Tampoco los tiempos democráticos que alumbraron en 1983 estuvieron exentos de tironeos y topetazos entre los gobernantes de aquí y los de allá. Pese a que pertenecían al mismo partido, no fue del todo amigable la relación entre Eduardo Angeloz, el mandatario cordobés, y Raúl Alfonsín, el presidente radical. Había entre ellos apenas una buena vecindad, pero además una mal disimulada diferencia de enfoques y estilos. Pero, años más tarde y ya con Menem en el poder, las cosas subieron de color entre Angeloz, que iba por su tercer mandato, y el súper ministro Domingo Cavallo. Eran los tiempos de la “isla” cordobesa. Hasta hoy, los hombres que formaron parte de aquel gobierno inconcluso siguen culpando al economista de haber puesto palos en la rueda.

A De la Sota le tocó convivir con varios presidentes, seis si computamos a la actual presidenta y a los que duraron al menos una semana en el cargo, cinco de su propio partido, y con todos tuvo encuentros y desencuentros, especialmente con el último ex presidente. De la Sota –político hábil si lo hay– administró las disidencias con el último gobierno nacional y postergó hasta casi el final de su mandato una toma de distancia que profundizó luego de abandonar la gestión, especialmente después del conflicto con el campo.

El presente El actual gobernador heredó, entre otras cosas, la conflictiva relación de Córdoba con la Nación. Que no alcanzó a replantearse en torno a los nuevos protagonistas, tanto en el orden nacional como provincial, porque se desbarrancó tempranamente como consecuencia de la posición asumida por las autoridades cordobesas durante los días más calientes de la guerra con el campo, que cayó mal en Buenos Aires y congeló la relación por largos cinco meses. Una vez que pasó el pico del conflicto con los resultados conocidos, como siempre ocurre, llegó el tiempo del pase de facturas.

Desafortunadamente, la cuestión elegida por el Gobierno nacional para “marcar la cancha” fue una materia delicada y sensible, como lo es todo lo que tiene que ver con los jubilados, sus remuneraciones y sus legítimos derechos.
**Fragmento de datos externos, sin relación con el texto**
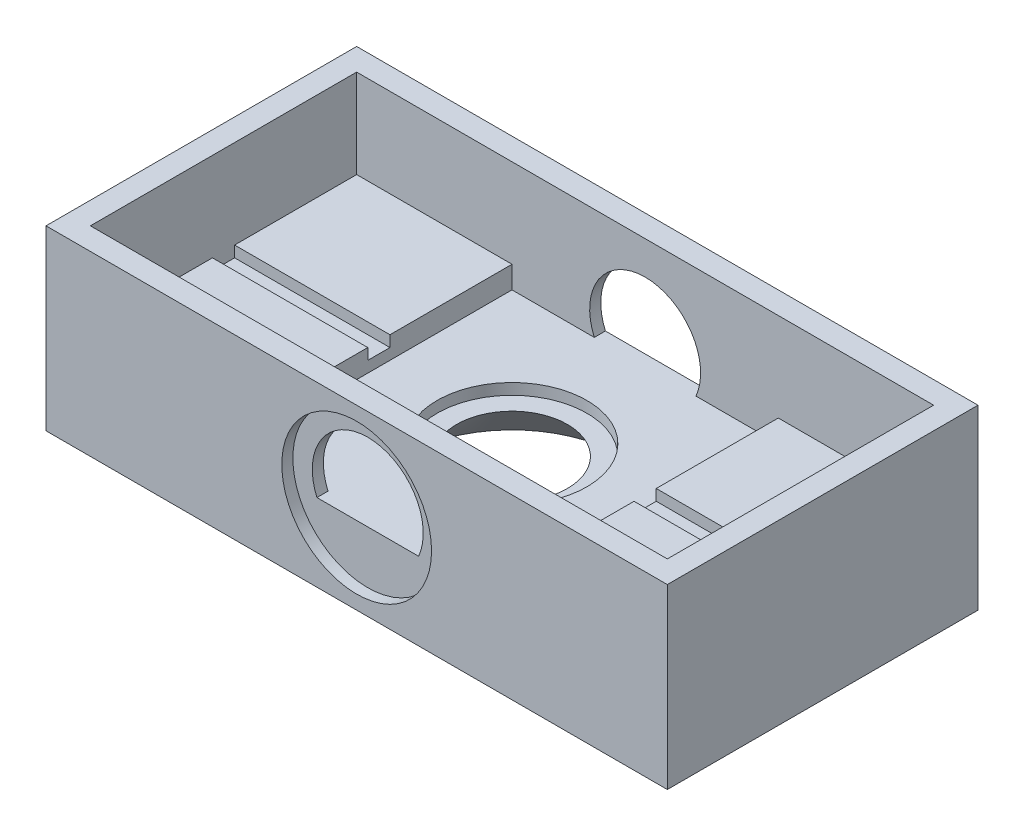
ISO-10303-21;
HEADER;
FILE_DESCRIPTION(('STEP AP214'),'2;1');
FILE_NAME('part.step','',(''),(''),'','','');
FILE_SCHEMA(('AUTOMOTIVE_DESIGN { 1 0 10303 214 1 1 1 1 }'));
ENDSEC;
DATA;
#1=APPLICATION_CONTEXT('core data for automotive mechanical design processes');
#2=APPLICATION_PROTOCOL_DEFINITION('international standard','automotive_design',2000,#1);
#3=PRODUCT_CONTEXT('',#1,'mechanical');
#4=PRODUCT('Part','Part','',(#3));
#5=PRODUCT_RELATED_PRODUCT_CATEGORY('part','',(#4));
#6=PRODUCT_DEFINITION_FORMATION('','',#4);
#7=PRODUCT_DEFINITION_CONTEXT('part definition',#1,'design');
#8=PRODUCT_DEFINITION('design','',#6,#7);
#9=PRODUCT_DEFINITION_SHAPE('','',#8);
#10=(LENGTH_UNIT() NAMED_UNIT(*) SI_UNIT(.MILLI.,.METRE.));
#11=(NAMED_UNIT(*) PLANE_ANGLE_UNIT() SI_UNIT($,.RADIAN.));
#12=(NAMED_UNIT(*) SI_UNIT($,.STERADIAN.) SOLID_ANGLE_UNIT());
#13=UNCERTAINTY_MEASURE_WITH_UNIT(LENGTH_MEASURE(1.E-05),#10,'distance_accuracy_value','');
#14=(GEOMETRIC_REPRESENTATION_CONTEXT(3) GLOBAL_UNCERTAINTY_ASSIGNED_CONTEXT((#13)) GLOBAL_UNIT_ASSIGNED_CONTEXT((#10,
#11,#12)) REPRESENTATION_CONTEXT('',''));
#15=CARTESIAN_POINT('',(0.,0.,0.));
#16=DIRECTION('',(0.,0.,1.));
#17=DIRECTION('',(1.,0.,0.));
#18=AXIS2_PLACEMENT_3D('',#15,#16,#17);
#19=CARTESIAN_POINT('',(0.,8.,-13.));
#20=DIRECTION('',(0.,0.,-1.));
#21=DIRECTION('',(-1.,0.,0.));
#22=AXIS2_PLACEMENT_3D('',#19,#20,#21);
#23=PLANE('',#22);
#24=CARTESIAN_POINT('',(0.,8.,-13.));
#25=DIRECTION('',(0.,0.,-1.));
#26=DIRECTION('',(-1.,0.,0.));
#27=AXIS2_PLACEMENT_3D('',#24,#25,#26);
#28=CIRCLE('',#27,6.75);
#29=CARTESIAN_POINT('',(-6.75,8.,-13.));
#30=VERTEX_POINT('',#29);
#31=EDGE_CURVE('E245',#30,#30,#28,.T.);
#32=ORIENTED_EDGE('',*,*,#31,.T.);
#33=EDGE_LOOP('',(#32));
#34=FACE_BOUND('',#33,.T.);
#35=DIRECTION('',(1.,0.,0.));
#36=VECTOR('',#35,1.);
#37=CARTESIAN_POINT('',(-4.58257569495584,6.,-13.));
#38=LINE('',#37,#36);
#39=CARTESIAN_POINT('',(-4.58257569495584,6.,-13.));
#40=VERTEX_POINT('',#39);
#41=CARTESIAN_POINT('',(4.58257569495584,6.,-13.));
#42=VERTEX_POINT('',#41);
#43=EDGE_CURVE('E206',#40,#42,#38,.T.);
#44=ORIENTED_EDGE('',*,*,#43,.T.);
#45=CARTESIAN_POINT('',(0.,8.,-13.));
#46=DIRECTION('',(0.,0.,-1.));
#47=DIRECTION('',(-1.,0.,0.));
#48=AXIS2_PLACEMENT_3D('',#45,#46,#47);
#49=CIRCLE('',#48,5.);
#50=EDGE_CURVE('E229',#42,#40,#49,.F.);
#51=ORIENTED_EDGE('',*,*,#50,.T.);
#52=EDGE_LOOP('',(#44,#51));
#53=FACE_BOUND('',#52,.T.);
#54=ADVANCED_FACE('F39',(#34,#53),#23,.T.);
#55=CARTESIAN_POINT('',(0.,8.,0.));
#56=DIRECTION('',(0.,1.,0.));
#57=DIRECTION('',(0.,0.,1.));
#58=AXIS2_PLACEMENT_3D('',#55,#56,#57);
#59=PLANE('',#58);
#60=DIRECTION('',(1.,0.,0.));
#61=VECTOR('',#60,1.);
#62=CARTESIAN_POINT('',(-26.,8.,1.));
#63=LINE('',#62,#61);
#64=CARTESIAN_POINT('',(12.,8.,1.));
#65=VERTEX_POINT('',#64);
#66=CARTESIAN_POINT('',(26.,8.,1.));
#67=VERTEX_POINT('',#66);
#68=EDGE_CURVE('E290',#65,#67,#63,.T.);
#69=ORIENTED_EDGE('',*,*,#68,.F.);
#70=DIRECTION('',(0.,0.,-1.));
#71=VECTOR('',#70,1.);
#72=CARTESIAN_POINT('',(12.,8.,12.));
#73=LINE('',#72,#71);
#74=CARTESIAN_POINT('',(12.,8.,12.));
#75=VERTEX_POINT('',#74);
#76=EDGE_CURVE('E337',#75,#65,#73,.T.);
#77=ORIENTED_EDGE('',*,*,#76,.F.);
#78=DIRECTION('',(1.,0.,0.));
#79=VECTOR('',#78,1.);
#80=CARTESIAN_POINT('',(-26.,8.,12.));
#81=LINE('',#80,#79);
#82=CARTESIAN_POINT('',(26.,8.,12.));
#83=VERTEX_POINT('',#82);
#84=EDGE_CURVE('E364',#75,#83,#81,.T.);
#85=ORIENTED_EDGE('',*,*,#84,.T.);
#86=DIRECTION('',(0.,0.,-1.));
#87=VECTOR('',#86,1.);
#88=CARTESIAN_POINT('',(26.,8.,12.));
#89=LINE('',#88,#87);
#90=EDGE_CURVE('E365',#83,#67,#89,.T.);
#91=ORIENTED_EDGE('',*,*,#90,.T.);
#92=EDGE_LOOP('',(#69,#77,#85,#91));
#93=FACE_BOUND('',#92,.T.);
#94=ADVANCED_FACE('F519',(#93),#59,.T.);
#95=CARTESIAN_POINT('',(-26.,8.,1.));
#96=VERTEX_POINT('',#95);
#97=CARTESIAN_POINT('',(-12.,8.,1.));
#98=VERTEX_POINT('',#97);
#99=EDGE_CURVE('E274',#96,#98,#63,.T.);
#100=ORIENTED_EDGE('',*,*,#99,.F.);
#101=DIRECTION('',(0.,0.,1.));
#102=VECTOR('',#101,1.);
#103=CARTESIAN_POINT('',(-26.,8.,-12.));
#104=LINE('',#103,#102);
#105=CARTESIAN_POINT('',(-26.,8.,12.));
#106=VERTEX_POINT('',#105);
#107=EDGE_CURVE('E374',#96,#106,#104,.T.);
#108=ORIENTED_EDGE('',*,*,#107,.T.);
#109=CARTESIAN_POINT('',(-12.,8.,12.));
#110=VERTEX_POINT('',#109);
#111=EDGE_CURVE('E359',#106,#110,#81,.T.);
#112=ORIENTED_EDGE('',*,*,#111,.T.);
#113=DIRECTION('',(0.,0.,1.));
#114=VECTOR('',#113,1.);
#115=CARTESIAN_POINT('',(-12.,8.,12.));
#116=LINE('',#115,#114);
#117=EDGE_CURVE('E341',#98,#110,#116,.T.);
#118=ORIENTED_EDGE('',*,*,#117,.F.);
#119=EDGE_LOOP('',(#100,#108,#112,#118));
#120=FACE_BOUND('',#119,.T.);
#121=ADVANCED_FACE('F482',(#120),#59,.T.);
#122=DIRECTION('',(-1.,0.,0.));
#123=VECTOR('',#122,1.);
#124=CARTESIAN_POINT('',(-26.,8.,-1.));
#125=LINE('',#124,#123);
#126=CARTESIAN_POINT('',(26.,8.,-1.));
#127=VERTEX_POINT('',#126);
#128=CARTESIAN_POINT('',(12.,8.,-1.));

Pudo ser cualquier otra, pero fue esa. Según el Gobierno local, la falta de cumplimiento de los compromisos asumidos por la Nación obligó a modificar las normas jubilatorias y recortar los haberes que perciben parte de los pasivos, con las consecuencias también conocidas. En medio hubo de todo: disturbios, declaraciones flamígeras, solicitadas, etcétera. Hasta el fin de semana, que finalmente las cosas parecieron encontrar un cauce más apropiado, al menos se abrió una instancia para dirimir las posiciones en torno a una mesa y no a través de los medios de prensa.

Nadie sabe si se llegará o no a buen puerto. Por lo pronto, habrá que esperar 90 días para saberlo, pero una cosa es segura: no será ésta la única ni la última cuestión que nos enfrente con el poder central. Por una razón muy sencilla: el federalismo argentino, igual que los glaciares en el mundo, está en retroceso y seriamente amenazado con desaparecer. Más allá de los protagonistas circunstanciales, con sensatez, sin estridencias si es posible, ha llegado la hora de replantear a fondo el modelo de país y devolver a las provincias sus prerrogativas perdidas, para que no les quede como único camino la rebeldía, o, lo que es peor, la genuflexión.